Open metaprime opened 5 years ago

metaprime commented 5 years ago

This proposal is a work in progress but something I would like to work on. Feedback is welcome.

Primary Scenario

Following a reddit user and re-ripping their content across multiple versions of ripme.

Some users are always adding new content, and we are constantly updating the save-filename format to feature requests. I don't think we should slow progress on this, but we should allow users to opt-in to the latest filename format without having to start their ripped folder from scratch (save time and bandwidth).

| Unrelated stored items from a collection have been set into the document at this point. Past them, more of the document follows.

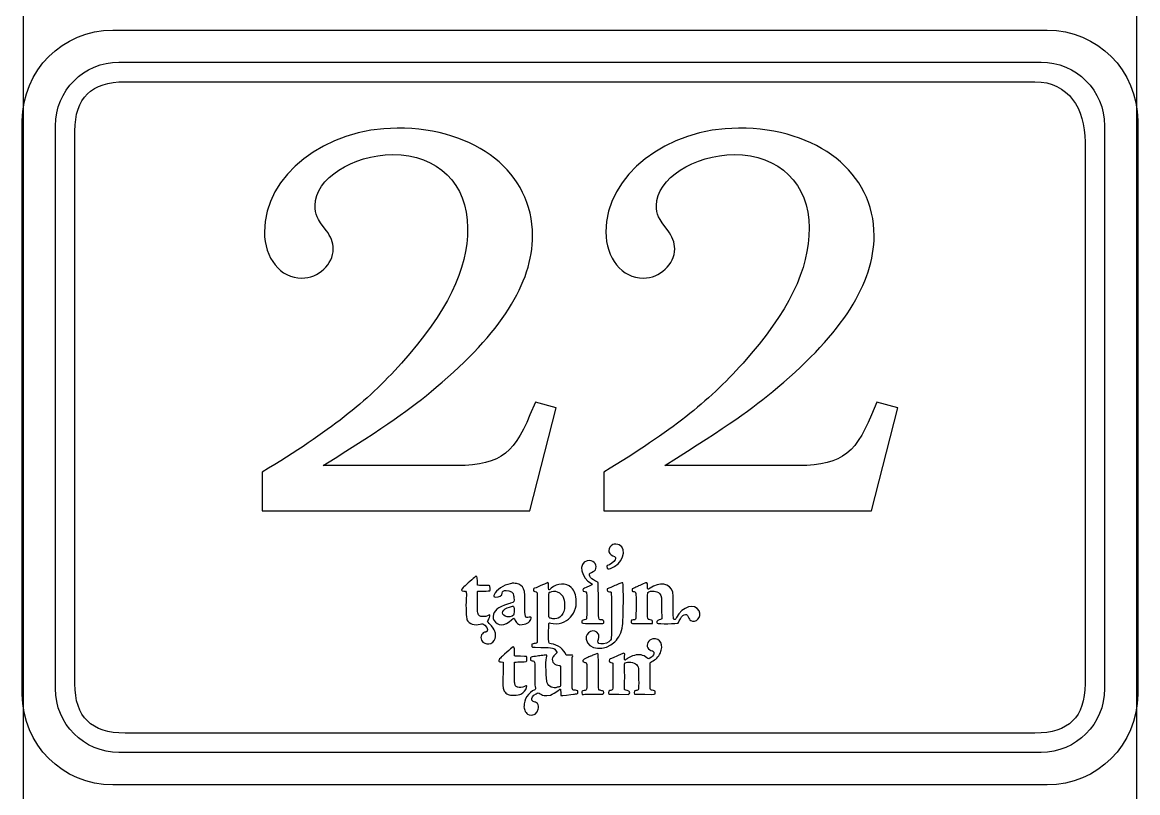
# Model space of a CAD drawing. Header units: millimetres. Extents: x 0 to 115, y 10 to 901.
# Drawn here: x -0.1 to 115.1, y 740.8 to 820.4 of the extents above; entities that cross this region are included whole.
import ezdxf

# ---------------------------------------------------------------- set-up
doc = ezdxf.new("R2010")
doc.units = ezdxf.units.MM
doc.layers.add('1', color=7, linetype='CONTINUOUS')

msp = doc.modelspace()

# ---------------------------------------------------------------- linework, layer by layer
at = {"layer": '1', "color": 7}
for p, q in [((0, 9.610394), (0, 900.64166)), ((114.999971, 900.64166), (114.999971, 9.610394)), ((9.864019, 816.269918), (105.140122, 816.269918)), ((9.864019, 816.269918), (9.864019, 816.269918)), ((10.503252, 814.241446), (104.500888, 814.241446)), ((10.503252, 814.241446), (10.503252, 814.241446)), ((3.30588, 751.565537), (3.30588, 809.693788)), ((5.317772, 752.067187), (5.317772, 809.156507)), ((111.69826, 809.693788), (111.69826, 751.565537)), ((109.686369, 808.036085), (109.686369, 752.067187)), ((52.893382, 781.15195), (52.323998, 779.841381)), ((52.323998, 769.933264), (55.055204, 780.582919)), ((55.055204, 780.582919), (52.893382, 781.15195)), ((88.17645, 781.15195), (87.607419, 779.841381)), ((87.607419, 769.933264), (90.340036, 780.582919)), ((90.340036, 780.582919), (88.17645, 781.15195)), ((43.901429, 774.602278), (30.982355, 774.602278)), ((79.18485, 774.602278), (66.267187, 774.602278)), ((24.665516, 773.920006), (24.665516, 769.933264)), ((59.950348, 773.920006), (59.950348, 769.933264)), ((24.665516, 769.933264), (52.323998, 769.933264)), ((59.950348, 769.933264), (87.607419, 769.933264)), ((60.570179, 761.976714), (60.323587, 761.864884)), ((60.323587, 761.864884), (60.323587, 761.758698)), ((63.158156, 762.001409), (62.885459, 761.871939)), ((62.885459, 761.871939), (62.885459, 761.750584)), ((58.200218, 760.706009), (58.200218, 760.000453)), ((57.04099, 759.886153), (57.115426, 760.127101)), ((57.115426, 760.127101), (57.111545, 760.570895)), ((58.200218, 760.000453), (58.194573, 759.89709)), ((58.201276, 759.697417), (58.194573, 759.239865)), ((58.204098, 759.769031), (58.201276, 759.697417)), ((65.936281, 759.81454), (65.940515, 758.798892)), ((47.786218, 759.012323), (47.510698, 759.012323)), ((47.956962, 759.107573), (47.786218, 759.012323)), ((48.538693, 759.034548), (48.515057, 758.809828)), ((48.515057, 758.809828), (48.606073, 758.647198)), ((64.018228, 758.291598), (65.008828, 758.306767)), ((65.008828, 758.306767), (65.008828, 758.439059)), ((65.940515, 758.798892), (65.892184, 758.760087)), ((51.162301, 758.232331), (51.301648, 758.164951)), ((51.301648, 758.164951), (51.537304, 758.188234)), ((60.744098, 757.277362), (60.724695, 756.700217)), ((52.537782, 756.180576), (52.530726, 756.022179)), ((52.647848, 756.212326), (52.537782, 756.180576)), ((60.724695, 756.700217), (60.659784, 756.596854)), ((62.119226, 755.163517), (62.064192, 755.200912)), ((62.109701, 754.845312), (62.119226, 755.163517)), ((49.355726, 754.331315), (49.559632, 754.321437)), ((49.559632, 754.321437), (49.557162, 754.014168)), ((55.488062, 752.897979), (55.495118, 751.850581)), ((55.495118, 751.850581), (55.443965, 751.810718)), ((62.09312, 751.48969), (62.106879, 752.03967)), ((62.146742, 751.447004), (62.09312, 751.48969)), ((54.072718, 750.855748), (54.455834, 750.90937)), ((54.455834, 750.90937), (54.636457, 750.998976)), ((57.268531, 751.340818), (57.148587, 751.379623)), ((57.275234, 751.216993), (57.268531, 751.340818)), ((61.501865, 750.989451), (62.521745, 750.985218)), ((62.521745, 750.985218), (62.572545, 751.03637)), ((104.500888, 746.980837), (10.503252, 746.980837)), ((105.140122, 744.989407), (9.864019, 744.989407))]:
    msp.add_line(p, q, dxfattribs=at)
at = {"layer": '1', "color": 1}
for p, q in [((9.224645, 819.57721), (105.779526, 819.57721)), ((9.224645, 819.57721), (9.224645, 819.57721)), ((-0.119865, 750.983807), (-0.119865, 810.227188)), ((115.124035, 810.227188), (115.124035, 750.983807)), ((105.779526, 741.634137), (9.224645, 741.634137))]:
    msp.add_line(p, q, dxfattribs=at)
for points in [[(-0.119865, 810.227188), (-0.119865, 815.407377), (4.047196, 819.57721), (9.224645, 819.57721)], [(105.779526, 819.57721), (110.956975, 819.57721), (115.124035, 815.407377), (115.124035, 810.227188)], [(9.224645, 741.634137), (4.047196, 741.634137), (-0.119865, 745.803971), (-0.119865, 750.983807)], [(115.124035, 750.983807), (115.124035, 745.803971), (110.956975, 741.634137), (105.779526, 741.634137)]]:
    msp.add_open_spline(points, degree=3, dxfattribs=at)
at = {"layer": '1', "color": 7}
for points in [[(3.30588, 809.693788), (3.30588, 813.337277), (6.231466, 816.269918), (9.864019, 816.269918)], [(105.140122, 816.269918), (108.772674, 816.269918), (111.69826, 813.337277), (111.69826, 809.693788)], [(5.317772, 809.156507), (5.317772, 812.59468), (7.005814, 814.241446), (10.503252, 814.241446)], [(104.500888, 814.241446), (107.998327, 814.241446), (109.686369, 811.472846), (109.686369, 808.036085)], [(38.608352, 809.455663), (31.153452, 809.455663), (24.892705, 804.558049), (24.892705, 798.749563)], [(52.607984, 798.349866), (52.607984, 804.841683), (46.803732, 809.455663), (38.608352, 809.455663)], [(73.893184, 809.455663), (66.437931, 809.455663), (60.177537, 804.558049), (60.177537, 798.749563)], [(87.892817, 798.349866), (87.892817, 804.841683), (82.088211, 809.455663), (73.893184, 809.455663)], [(30.129338, 801.48218), (30.129338, 804.216208), (33.998957, 806.721635), (38.153621, 806.721635)], [(38.153621, 806.721635), (42.819813, 806.721635), (45.89286, 803.703621), (45.89286, 799.147849)], [(65.412759, 801.48218), (65.412759, 804.216208), (69.283789, 806.721635), (73.437042, 806.721635)], [(73.437042, 806.721635), (78.104292, 806.721635), (81.177339, 803.703621), (81.177339, 799.147849)], [(31.324196, 798.862452), (30.300435, 800.173022), (30.129338, 800.514863), (30.129338, 801.48218)], [(66.608676, 798.862452), (65.583503, 800.173022), (65.412759, 800.514863), (65.412759, 801.48218)], [(24.892705, 798.749563), (24.892705, 796.015536), (26.543705, 793.964838), (28.763735, 793.964838)], [(32.007527, 796.984263), (32.007527, 797.609738), (31.722482, 798.293422), (31.324196, 798.862452)], [(45.89286, 799.147849), (45.89286, 794.819266), (43.787129, 790.491036), (39.064493, 785.195136)], [(60.177537, 798.749563), (60.177537, 796.015536), (61.828537, 793.964838), (64.047156, 793.964838)], [(67.290948, 796.984263), (67.290948, 797.609738), (67.006962, 798.293422), (66.608676, 798.862452)], [(81.177339, 799.147849), (81.177339, 794.819266), (79.071961, 790.491036), (74.347914, 785.195136)], [(42.649068, 782.689708), (49.307748, 788.271005), (52.607984, 793.452252), (52.607984, 798.349866)], [(77.933547, 782.689708), (84.592228, 788.271005), (87.892817, 793.452252), (87.892817, 798.349866)], [(28.763735, 793.964838), (30.47118, 793.964838), (32.007527, 795.38865), (32.007527, 796.984263)], [(64.047156, 793.964838), (65.754601, 793.964838), (67.290948, 795.38865), (67.290948, 796.984263)], [(39.064493, 785.195136), (35.308116, 781.03765), (31.836782, 778.305033), (24.665516, 773.920006)], [(74.347914, 785.195136), (70.591537, 781.03765), (67.120203, 778.305033), (59.950348, 773.920006)], [(30.982355, 774.602278), (37.755335, 778.874064), (39.861065, 780.353967), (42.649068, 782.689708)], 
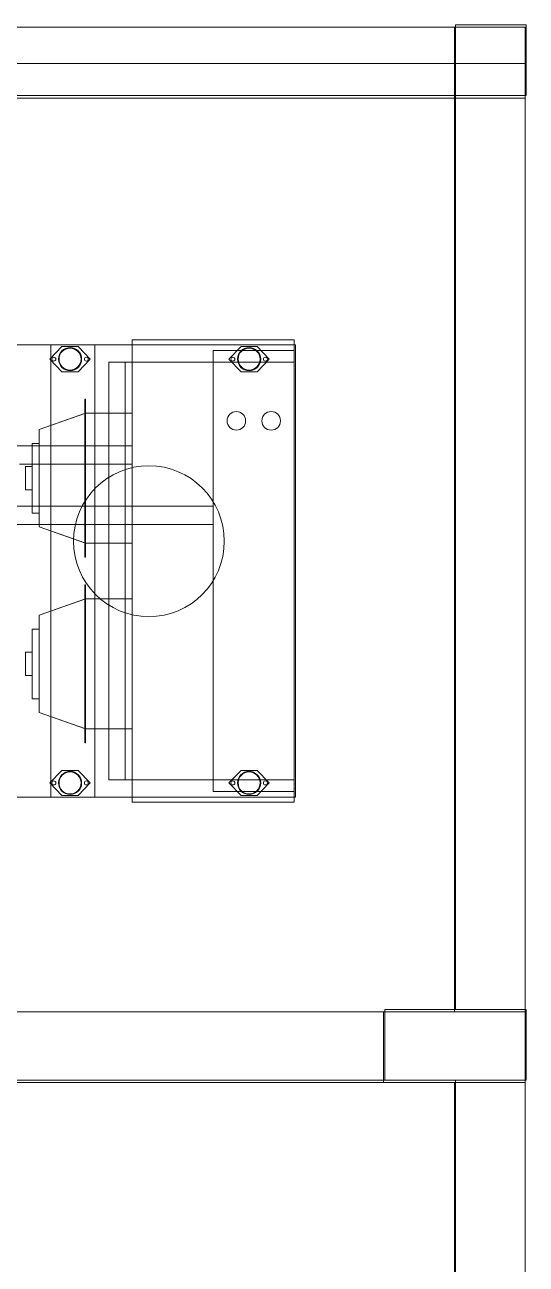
# Model space of a CAD drawing. Header units: inches. Extents: x -1128 to 651, y 96 to 845.
# Drawn here: x -969.096 to -967.141, y 702.712 to 707.538 of the extents above; entities that cross this region are included whole.
import ezdxf

# ---------------------------------------------------------------- set-up
doc = ezdxf.new("R2010")
doc.units = ezdxf.units.IN
doc.header["$MEASUREMENT"] = 0
doc.layers.add('硅胶总平面底图 工艺装置区', color=253, linetype='Continuous')

msp = doc.modelspace()

# ---------------------------------------------------------------- linework, layer by layer
at = {"color": 6, "lineweight": 0}
msp.add_lwpolyline([(-975.5391, 707.3874), (-967.1458, 707.3874), (-967.1458, 684.9151), (-975.5391, 684.9151)], close=True, dxfattribs=at)
at = {"layer": '硅胶总平面底图 工艺装置区', "color": 253, "linetype": 'Continuous', "lineweight": 0}
for p, q in [((-970.9797, 707.5285), (-967.4213, 707.5285)), ((-967.1458, 707.5285), (-967.4213, 707.5285)), ((-967.4213, 707.5285), (-967.4213, 707.253)), ((-967.4166, 707.5384), (-967.4166, 707.2629)), ((-967.1411, 707.5384), (-967.4166, 707.5384)), ((-967.1458, 707.253), (-967.1458, 707.5285)), ((-967.1411, 707.2629), (-967.1411, 707.5384)), ((-970.9797, 707.253), (-967.4213, 707.253)), ((-970.975, 707.2629), (-967.4166, 707.2629)), ((-967.4213, 707.253), (-967.1458, 707.253)), ((-967.4213, 703.6945), (-967.4213, 707.253)), ((-967.4166, 703.7044), (-967.4166, 707.2629)), ((-967.4166, 707.2629), (-967.1411, 707.2629)), ((-967.1458, 703.6945), (-967.1458, 707.253)), ((-968.6776, 704.5109), (-968.6776, 706.3114)), ((-968.6776, 704.5109), (-968.6776, 706.3114)), ((-968.045, 706.3114), (-968.6776, 706.3114)), ((-968.045, 706.3114), (-968.6776, 706.3114)), ((-968.6776, 706.3114), (-968.045, 706.3114)), ((-968.6776, 706.3114), (-968.045, 706.3114)), ((-968.6776, 706.3114), (-968.6776, 705.6642)), ((-968.6776, 706.3114), (-968.6776, 705.6642)), ((-968.6776, 706.3114), (-968.6776, 705.8136)), ((-968.6776, 706.3114), (-968.6776, 705.8136)), ((-968.045, 706.3114), (-968.6776, 706.3114)), ((-968.045, 706.3114), (-968.6776, 706.3114)), ((-968.045, 706.2698), (-968.045, 706.3114)), ((-968.045, 706.2698), (-968.045, 706.3114)), ((-968.045, 706.3114), (-968.045, 704.5109)), ((-968.045, 706.3114), (-968.045, 704.5109)), ((-968.045, 706.2698), (-968.045, 706.3114)), ((-968.045, 706.2698), (-968.045, 706.3114)), ((-968.994, 706.2915), (-969.3375, 706.2915)), ((-969.3375, 706.2915), (-968.994, 706.2915)), ((-969.3375, 706.2915), (-968.994, 706.2915)), ((-969.3375, 706.2915), (-968.994, 706.2915)), ((-969.3375, 706.2915), (-968.8223, 706.2915)), ((-969.3375, 706.2915), (-968.8223, 706.2915)), ((-968.0404, 706.2915), (-969.3375, 706.2915)), ((-969.3375, 706.2915), (-968.0404, 706.2915)), ((-969.3375, 706.2915), (-968.994, 706.2915)), ((-969.3375, 706.2915), (-968.994, 706.2915)), ((-968.9506, 706.2852), (-968.9976, 706.2363)), ((-968.9506, 706.2852), (-968.9976, 706.2363)), ((-968.994, 706.2915), (-968.994, 705.9783)), ((-968.994, 706.2915), (-968.994, 705.9783)), ((-968.994, 706.2915), (-968.8223, 706.2915)), ((-968.994, 706.2915), (-968.8223, 706.2915)), ((-968.994, 704.5308), (-968.994, 706.2915)), ((-968.994, 704.5308), (-968.994, 706.2915)), ((-968.8223, 706.2915), (-968.994, 706.2915)), ((-968.8223, 706.2915), (-968.994, 706.2915)), ((-968.994, 706.2915), (-968.994, 705.9783)), ((-968.994, 706.2915), (-968.994, 705.9783)), ((-968.994, 706.2915), (-968.8223, 706.2915)), ((-968.994, 706.2915), (-968.8223, 706.2915)), ((-968.8873, 706.2852), (-968.9506, 706.2852)), ((-968.8873, 706.2852), (-968.9506, 706.2852)), ((-968.8403, 706.2363), (-968.8873, 706.2852)), ((-968.8403, 706.2363), (-968.8873, 706.2852)), ((-968.8223, 706.2915), (-968.6776, 706.2915)), ((-968.8223, 706.2915), (-968.6776, 706.2915)), ((-968.8223, 706.0257), (-968.8223, 706.2915)), ((-968.8223, 706.0257), (-968.8223, 706.2915)), ((-968.8223, 706.0257), (-968.8223, 706.2915)), ((-968.8223, 706.0257), (-968.8223, 706.2915)), ((-968.8223, 706.2915), (-968.6776, 706.2915)), ((-968.8223, 706.2915), (-968.6776, 706.2915)), ((-968.6776, 706.2915), (-968.045, 706.2915)), ((-968.6776, 706.2915), (-968.045, 706.2915)), ((-968.3613, 706.2698), (-968.3613, 704.5525)), ((-968.3613, 706.2698), (-968.3613, 704.5525)), ((-968.3613, 704.5525), (-968.3613, 706.2698)), ((-968.3613, 704.5525), (-968.3613, 706.2698)), ((-968.045, 706.2698), (-968.3613, 706.2698)), ((-968.045, 706.2698), (-968.3613, 706.2698)), ((-968.3613, 706.2698), (-968.045, 706.2698)), ((-968.3613, 706.2698), (-968.045, 706.2698)), ((-968.3613, 706.2698), (-968.3613, 705.681)), ((-968.3613, 706.2698), (-968.3613, 705.681)), ((-968.045, 706.2698), (-968.3613, 706.2698)), ((-968.045, 706.2698), (-968.3613, 706.2698)), ((-968.2528, 706.2852), (-968.2998, 706.2363)), ((-968.2528, 706.2852), (-968.2998, 706.2363)), ((-968.1896, 706.2852), (-968.2528, 706.2852)), ((-968.1896, 706.2852), (-968.2528, 706.2852)), ((-968.1426, 706.2363), (-968.1896, 706.2852)), ((-968.1426, 706.2363), (-968.1896, 706.2852)), ((-968.045, 706.2915), (-968.0404, 706.2915)), ((-968.045, 706.2915), (-968.0404, 706.2915)), ((-968.045, 706.2915), (-968.0404, 706.2915)), ((-968.045, 706.2915), (-968.0404, 706.2915)), ((-968.045, 704.5525), (-968.045, 706.2698)), ((-968.045, 704.5525), (-968.045, 706.2698)), ((-968.045, 706.2698), (-968.045, 704.5525)), ((-968.045, 706.2698), (-968.045, 704.5525)), ((-968.045, 704.5525), (-968.045, 706.2698)), ((-968.045, 704.5525), (-968.045, 706.2698)), ((-968.045, 704.5525), (-968.045, 706.2698)), ((-968.045, 704.5525), (-968.045, 706.2698)), ((-968.0404, 704.5308), (-968.0404, 706.2915)), ((-968.0404, 704.5308), (-968.0404, 706.2915)), ((-968.0404, 706.2915), (-968.0404, 704.5308)), ((-968.0404, 706.2915), (-968.0404, 704.5308)), ((-968.0404, 706.2915), (-968.0404, 704.5308)), ((-968.0404, 706.2915), (-968.0404, 704.5308)), ((-968.9976, 706.2363), (-968.9506, 706.1875)), ((-968.9976, 706.2363), (-968.9506, 706.1875)), ((-968.8873, 706.1875), (-968.8403, 706.2363)), ((-968.8873, 706.1875), (-968.8403, 706.2363)), ((-968.045, 706.2246), (-968.768, 706.2246)), ((-968.045, 706.2246), (-968.768, 706.2246)), ((-968.768, 706.2246), (-968.045, 706.2246)), ((-968.768, 706.2246), (-968.045, 706.2246)), ((-968.768, 706.2246), (-968.768, 706.0257)), ((-968.768, 706.2246), (-968.768, 706.0257)), ((-968.768, 704.5977), (-968.768, 706.2246)), ((-968.768, 704.5977), (-968.768, 706.2246)), ((-968.7048, 706.2246), (-968.768, 706.2246)), ((-968.7048, 706.2246), (-968.768, 706.2246)), ((-968.7048, 706.2246), (-968.768, 706.2246)), ((-968.7048, 706.2246), (-968.768, 706.2246)), ((-968.768, 706.2246), (-968.768, 706.0257)), ((-968.768, 706.2246), (-968.768, 706.0257)), ((-968.7048, 706.0257), (-968.7048, 706.2246)), ((-968.7048, 706.2246), (-968.7048, 706.0257)), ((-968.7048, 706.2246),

I also think that we should not prevent users from deleting or moving files into a subdirectory or renaming files (to add descriptions, tags, etc.), but doing so without re-ripping content is a complex task which is not possible at the moment. Re-ripping should not undo the work of cleanup and categorizing files. This is the biggest blocker for me to keep my collection organized while using ripme.

Metadata Solution

I propose a per-rip-directory metadata file (suggest JSON for flexibility, ease of use, and user-readability) which includes the URL (of the actual image file that was downloaded), the filename it was ripped to, and a hash of the file's contents.

URL

We can ensure that new files are not downloaded from the same URLs (per-rip).

If we are not careful, this functionality might conflict with the algorithm for global rip history file. When new files are downloaded they can be checked against the existing file hashes to

Filename

Filename & Content Hash

When re-ripping, if there is still a file at a given filename, we do not need to take any action.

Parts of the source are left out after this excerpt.